### ASSIGNMENT
Your task is to repeat exactly the lines below between the line holding "Length unit declared in the file: inch" and the line holding "#6585 = CARTESIAN_POINT", inclusive, and only those.

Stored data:
*** Block opens ***

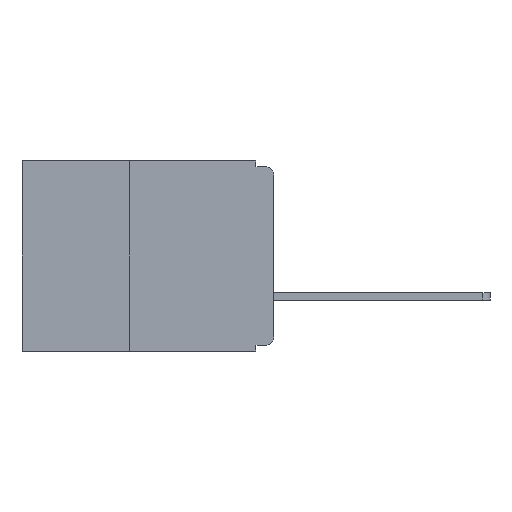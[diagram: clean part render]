
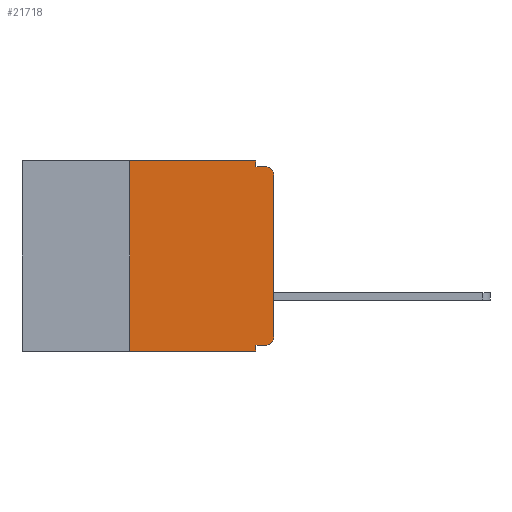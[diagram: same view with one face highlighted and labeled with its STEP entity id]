
A CAD part, left-side view. The second image highlights one B-rep face of the part: STEP entity #21718.
In plain terms, the highlighted planar face has unit normal (-1, 0, 0).
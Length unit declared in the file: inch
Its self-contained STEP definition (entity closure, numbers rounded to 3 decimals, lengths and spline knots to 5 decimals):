
#162 = CARTESIAN_POINT ( 'NONE',  ( 0., 0.031, -0.33 ) ) ;
#1026 = VERTEX_POINT ( 'NONE', #6585 ) ;
#1041 = EDGE_CURVE ( 'NONE', #22703, #13433, #16921, .T. ) ;
#1190 = CARTESIAN_POINT ( 'NONE',  ( 0., 0.031, 0. ) ) ;
#1724 = VERTEX_POINT ( 'NONE', #162 ) ;
#2089 = EDGE_CURVE ( 'NONE', #7067, #1026, #6170, .T. ) ;
#3693 = LINE ( 'NONE', #25029, #26612 ) ;
#3814 = DIRECTION ( 'NONE',  ( -1., 0., 0. ) ) ;
#3853 = DIRECTION ( 'NONE',  ( 0., 0., -1. ) ) ;
#4017 = VECTOR ( 'NONE', #5046, 39.37008 ) ;
#4241 = CARTESIAN_POINT ( 'NONE',  ( 0., 0., -0.025 ) ) ;
#4368 = VERTEX_POINT ( 'NONE', #20199 ) ;
#4582 = CARTESIAN_POINT ( 'NONE',  ( 0., 0.25, -0.33 ) ) ;
#4718 = CARTESIAN_POINT ( 'NONE',  ( 0., 0.437, -0.33 ) ) ;
#4756 = LINE ( 'NONE', #16761, #4017 ) ;
#4898 = CARTESIAN_POINT ( 'NONE',  ( 0., 0.25, 0. ) ) ;
#4947 = DIRECTION ( 'NONE',  ( 0., -1., 0. ) ) ;
#5046 = DIRECTION ( 'NONE',  ( 0., 0., 1. ) ) ;
#5066 = ORIENTED_EDGE ( 'NONE', *, *, #2089, .F. ) ;
#5415 = VECTOR ( 'NONE', #4947, 39.37008 ) ;
#5844 = EDGE_CURVE ( 'NONE', #14353, #1026, #15348, .T. ) ;
#5878 = DIRECTION ( 'NONE',  ( 0., 0., -1. ) ) ;
#6020 = VERTEX_POINT ( 'NONE', #4898 ) ;
#6170 = LINE ( 'NONE', #26174, #5415 ) ;
#6438 = ORIENTED_EDGE ( 'NONE', *, *, #9364, .F. ) ;
#6585 = CARTESIAN_POINT ( 'NONE',  ( 0., 0.015, -0.01 ) ) ;
#6613 = VECTOR ( 'NONE', #18830, 39.37008 ) ;
#7067 = VERTEX_POINT ( 'NONE', #29520 ) ;
#7712 = AXIS2_PLACEMENT_3D ( 'NONE', #15156, #3814, #3853 ) ;
#8128 = DIRECTION ( 'NONE',  ( 0., 0., -1. ) ) ;
#8161 = DIRECTION ( 'NONE',  ( -1., 0., 0. ) ) ;
#8166 = CARTESIAN_POINT ( 'NONE',  ( 0., 0.015, -0.025 ) ) ;
#8225 = EDGE_LOOP ( 'NONE', ( #10913, #29910, #5066, #25032, #16425, #21311, #22536, #6438, #29226, #14637 ) ) ;
#9282 = DIRECTION ( 'NONE',  ( 0., 0., 1. ) ) ;
#9364 = EDGE_CURVE ( 'NONE', #4368, #1724, #21116, .T. ) ;
#10328 = CARTESIAN_POINT ( 'NONE',  ( 0., 0.437, 0. ) ) ;
#10913 = ORIENTED_EDGE ( 'NONE', *, *, #21095, .T. ) ;
#10929 = EDGE_CURVE ( 'NONE', #22381, #1724, #25486, .T. ) ;
#13433 = VERTEX_POINT ( 'NONE', #28628 ) ;
#13715 = EDGE_CURVE ( 'NONE', #22703, #4368, #3693, .T. ) ;
#14119 = DIRECTION ( 'NONE',  ( 0., 0., -1. ) ) ;
#14353 = VERTEX_POINT ( 'NONE', #4241 ) ;
#14637 = ORIENTED_EDGE ( 'NONE', *, *, #1041, .T. ) ;
#15156 = CARTESIAN_POINT ( 'NONE',  ( 0., 0.015, -0.305 ) ) ;
#15348 = CIRCLE ( 'NONE', #20892, 0.015 ) ;
#15653 = EDGE_CURVE ( 'NONE', #22381, #6020, #26117, .T. ) ;
#16394 = PLANE ( 'NONE',  #18913 ) ;
#16425 = ORIENTED_EDGE ( 'NONE', *, *, #17226, .F. ) ;
#16761 = CARTESIAN_POINT ( 'NONE',  ( 0., 0., 0. ) ) ;
#16921 = CIRCLE ( 'NONE', #7712, 0.015 ) ;
#17226 = EDGE_CURVE ( 'NONE', #6020, #29232, #24576, .T. ) ;
#18830 = DIRECTION ( 'NONE',  ( 0., -1., 0. ) ) ;
#18867 = EDGE_CURVE ( 'NONE', #29232, #7067, #29249, .T. ) ;
#18913 = AXIS2_PLACEMENT_3D ( 'NONE', #21211, #28319, #14119 ) ;
#18999 = VECTOR ( 'NONE', #26892, 39.37008 ) ;
#19797 = VECTOR ( 'NONE', #9282, 39.37008 ) ;
#20199 = CARTESIAN_POINT ( 'NONE',  ( 0., 0.031, -0.32 ) ) ;
#20892 = AXIS2_PLACEMENT_3D ( 'NONE', #8166, #8161, #8128 ) ;
#21095 = EDGE_CURVE ( 'NONE', #13433, #14353, #4756, .T. ) ;
#21116 = LINE ( 'NONE', #22001, #26679 ) ;
#21211 = CARTESIAN_POINT ( 'NONE',  ( 0., 0.437, 0. ) ) ;
#21311 = ORIENTED_EDGE ( 'NONE', *, *, #15653, .F. ) ;
#21469 = CARTESIAN_POINT ( 'NONE',  ( 0., 0.25, -0.33 ) ) ;
#21718 = ADVANCED_FACE ( 'NONE', ( #29109 ), #16394, .F. ) ;
#22001 = CARTESIAN_POINT ( 'NONE',  ( 0., 0.031, -0.33 ) ) ;
#22381 = VERTEX_POINT ( 'NONE', #21469 ) ;
#22536 = ORIENTED_EDGE ( 'NONE', *, *, #10929, .T. ) ;
#22703 = VERTEX_POINT ( 'NONE', #25093 ) ;
#22996 = VECTOR ( 'NONE', #5878, 39.37008 ) ;
#24576 = LINE ( 'NONE', #10328, #18999 ) ;
#24908 = DIRECTION ( 'NONE',  ( 0., 0., -1. ) ) ;
#25029 = CARTESIAN_POINT ( 'NONE',  ( 0., 0., -0.32 ) ) ;
#25032 = ORIENTED_EDGE ( 'NONE', *, *, #18867, .F. ) ;
#25093 = CARTESIAN_POINT ( 'NONE',  ( 0., 0.015, -0.32 ) ) ;
#25486 = LINE ( 'NONE', #4718, #6613 ) ;
#26117 = LINE ( 'NONE', #4582, #19797 ) ;
#26174 = CARTESIAN_POINT ( 'NONE',  ( 0., 0., -0.01 ) ) ;
#26612 = VECTOR ( 'NONE', #29724, 39.37008 ) ;
#26679 = VECTOR ( 'NONE', #24908, 39.37008 ) ;
#26892 = DIRECTION ( 'NONE',  ( 0., -1., 0. ) ) ;
#28319 = DIRECTION ( 'NONE',  ( 1., 0., 0. ) ) ;
#28628 = CARTESIAN_POINT ( 'NONE',  ( 0., 0., -0.305 ) ) ;
#28817 = CARTESIAN_POINT ( 'NONE',  ( 0., 0.031, 0. ) ) ;
#29109 = FACE_OUTER_BOUND ( 'NONE', #8225, .T. ) ;
#29226 = ORIENTED_EDGE ( 'NONE', *, *, #13715, .F. ) ;
#29232 = VERTEX_POINT ( 'NONE', #28817 ) ;
#29249 = LINE ( 'NONE', #1190, #22996 ) ;
#29520 = CARTESIAN_POINT ( 'NONE',  ( 0., 0.031, -0.01 ) ) ;
#29724 = DIRECTION ( 'NONE',  ( 0., 1., 0. ) ) ;
#29910 = ORIENTED_EDGE ( 'NONE', *, *, #5844, .T. ) ;

*** Block closes ***

### WRITTEN SOLUTION
Length unit declared in the file: inch
Its self-contained STEP definition (entity closure, numbers rounded to 3 decimals, lengths and spline knots to 5 decimals):
#162 = CARTESIAN_POINT ( 'NONE',  ( 0., 0.031, -0.33 ) ) ;
#1026 = VERTEX_POINT ( 'NONE', #6585 ) ;
#1041 = EDGE_CURVE ( 'NONE', #22703, #13433, #16921, .T. ) ;
#1190 = CARTESIAN_POINT ( 'NONE',  ( 0., 0.031, 0. ) ) ;
#1724 = VERTEX_POINT ( 'NONE', #162 ) ;
#2089 = EDGE_CURVE ( 'NONE', #7067, #1026, #6170, .T. ) ;
#3693 = LINE ( 'NONE', #25029, #26612 ) ;
#3814 = DIRECTION ( 'NONE',  ( -1., 0., 0. ) ) ;
#3853 = DIRECTION ( 'NONE',  ( 0., 0., -1. ) ) ;
#4017 = VECTOR ( 'NONE', #5046, 39.37008 ) ;
#4241 = CARTESIAN_POINT ( 'NONE',  ( 0., 0., -0.025 ) ) ;
#4368 = VERTEX_POINT ( 'NONE', #20199 ) ;
#4582 = CARTESIAN_POINT ( 'NONE',  ( 0., 0.25, -0.33 ) ) ;
#4718 = CARTESIAN_POINT ( 'NONE',  ( 0., 0.437, -0.33 ) ) ;
#4756 = LINE ( 'NONE', #16761, #4017 ) ;
#4898 = CARTESIAN_POINT ( 'NONE',  ( 0., 0.25, 0. ) ) ;
#4947 = DIRECTION ( 'NONE',  ( 0., -1., 0. ) ) ;
#5046 = DIRECTION ( 'NONE',  ( 0., 0., 1. ) ) ;
#5066 = ORIENTED_EDGE ( 'NONE', *, *, #2089, .F. ) ;
#5415 = VECTOR ( 'NONE', #4947, 39.37008 ) ;
#5844 = EDGE_CURVE ( 'NONE', #14353, #1026, #15348, .T. ) ;
#5878 = DIRECTION ( 'NONE',  ( 0., 0., -1. ) ) ;
#6020 = VERTEX_POINT ( 'NONE', #4898 ) ;
#6170 = LINE ( 'NONE', #26174, #5415 ) ;
#6438 = ORIENTED_EDGE ( 'NONE', *, *, #9364, .F. ) ;
#6585 = CARTESIAN_POINT ( 'NONE',  ( 0., 0.015, -0.01 ) ) ;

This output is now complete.